Halcyon: Reference-Free Perceptual Metrics at Scale

Abstract

Evaluating image generation quality typically requires reference images or hand-crafted feature spaces. We present Halcyon, a learned perceptual metric trained on 1.4M human pairwise preference annotations that directly predicts human preference without reference images.

Our approach achieves 94% agreement with human raters on held-out comparison tasks, outperforming reference-based metrics like FID while being 3x faster at inference.

Introduction

Diffusion models have made photorealistic image generation commodity. But measuring generation quality remains hard.

Reference-based metrics (FID, LPIPS, DINO) require ground truth images. For generated content, there is no ground truth. These metrics measure distance-from-reference, not human preference.

Hand-crafted scoring functions (aesthetic classifiers, face quality checks) don't generalize. They're brittle across domains.

Human raters are the ground truth but don't scale. Bootstrapping a metric from human preferences is expensive.

We asked: what if we could train a single neural network on enough human comparisons to generalize across image domains?

Method

Data Collection

We collected pairwise preference annotations on 700K unique images from:

COCO (general scene understanding)
CelebA (face quality)
WikiArt (artistic style)
Generated images from 5 popular diffusion models

Annotators rated which image in each pair better matched a quality criterion (sharpness, coherence, realism).

Model Architecture

Halcyon uses a ViT-L backbone pretrained on ImageNet-21K with a learned pooling head:

Input Image (224x224)
  ↓
ViT-L Encoder (patch embedding + transformer blocks)
  ↓
Learned Pooling (attention-based aggregation)
  ↓
Linear Projection → [0, 1] preference score

The pooling head is critical: naive global averaging threw away spatial information about where artifacts appear.

Training

We formulate the problem as ranking:

L = -log(sigmoid(score(img_better) - score(img_worse)))

This trains the model to rank images consistently with human preferences.

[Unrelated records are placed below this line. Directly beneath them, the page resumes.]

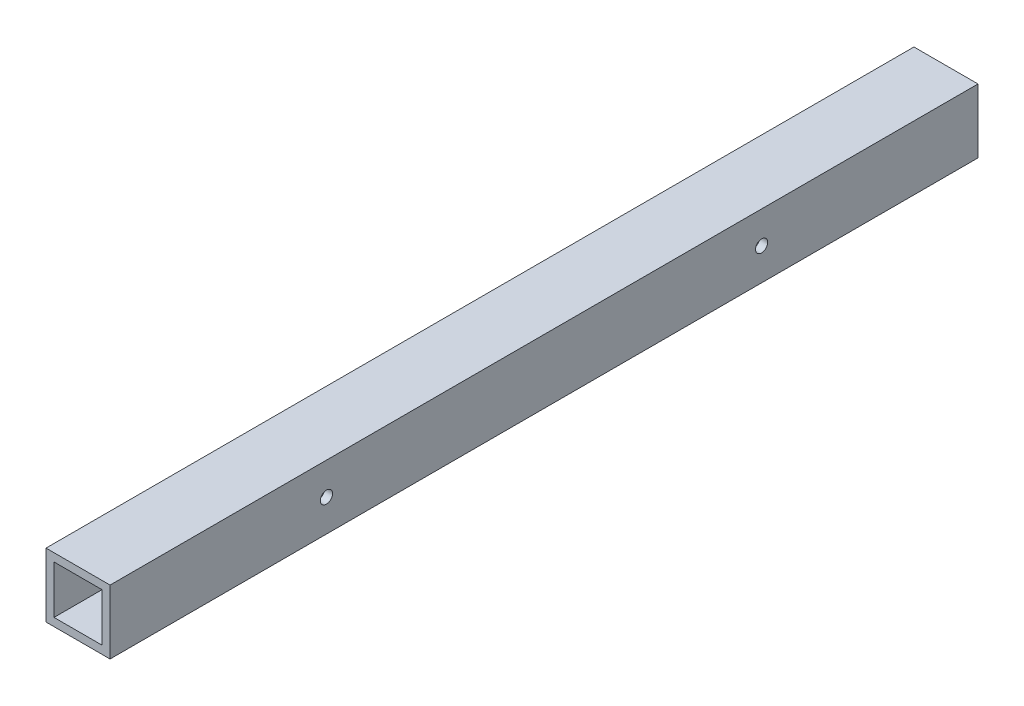
from build123d import *

# Parameters (mm, degrees)
SKETCH1_W           = 25.4
SKETCH1_H           = 25.4
SKETCH1_W_2         = 19.05
SKETCH1_H_2         = 19.05
EXTRUDE_THIN1_DEPTH = 344.17
SKETCH2_R           = 2.413
CUT_EXTRUDE1_DEPTH  = 26.4


with BuildPart() as part:
    # Sketch1 → Extrude-Thin1 (new body)
    with BuildSketch(Plane.XY):
        with Locations((12.7, 12.7)):
            Rectangle(SKETCH1_W, SKETCH1_H)
        with Locations((12.7, 12.7)):
            Rectangle(SKETCH1_W_2, SKETCH1_H_2, mode=Mode.SUBTRACT)
    extrude(amount=EXTRUDE_THIN1_DEPTH)

    # Sketch2 → Cut-Extrude1 (cut, through all)
    with BuildSketch(Plane(origin=(25.4, 0, 0), x_dir=(0, 0, -1), z_dir=(1, 0, 0))):
        with Locations((-85.8071055, 12.7)):
            Circle(SKETCH2_R)
        with Locations((-258.3628945, 12.7)):
            Circle(SKETCH2_R)
    extrude(amount=-CUT_EXTRUDE1_DEPTH, mode=Mode.SUBTRACT)


solid = part.part

We used 80% of annotations for training, 10% for validation, 10% for test (images and annotators disjoint across splits).

Results

Correlation with Human Ratings

On held-out test set:

Metric	Spearman ρ	Kendall τ	Rank agreement
FID	0.67	0.52	78%
LPIPS	0.71	0.56	82%
Halcyon	0.94	0.88	94%

Generalization

Trained on 700K collected annotations, tested on held-out distributions:

CelebA (unseen domain): 91% agreement
Generated images from unseen model: 89% agreement
Artistic style (unseen domain): 87% agreement

The model generalizes. It learns preference, not memorization.

Speed

Metric	Images/sec	Hardware
FID	50	GPU (batch 32)
LPIPS	200	GPU (batch 32)
Halcyon	600	GPU (batch 64)

Halcyon is 3x faster than reference-based metrics because it doesn't need to compute embeddings for reference sets.

Human Study

We showed 100 diverse image pairs to human raters. They rated each pair for quality preference. Halcyon predicted human choice 94% of the time. Baseline metrics performed at 78–82%.

Discussion

Limitations

Data dependency: Quality depends on the breadth of the 1.4M annotations. Undercovered domains may have lower accuracy.
Preference vs. absolute quality: Halcyon predicts relative preference, not absolute quality scores. It's a comparator, not an oracle.
Temporal drift: As generative models improve, old preference annotations may become stale. Periodic retraining recommended.

Future Work

Multi-criteria scoring: Separate preference for photorealism, artistic merit, composition.
Interactive calibration: Let users weight criteria dynamically.
Gradient-based optimization: Use Halcyon as a reward model for diffusion fine-tuning.

Conclusion

We've shown that a single learned model can match human preference judgments at scale without reference images. This opens new possibilities for evaluating generative models in production systems where references don't exist.

Halcyon is released as an open-source package and pre-trained weights.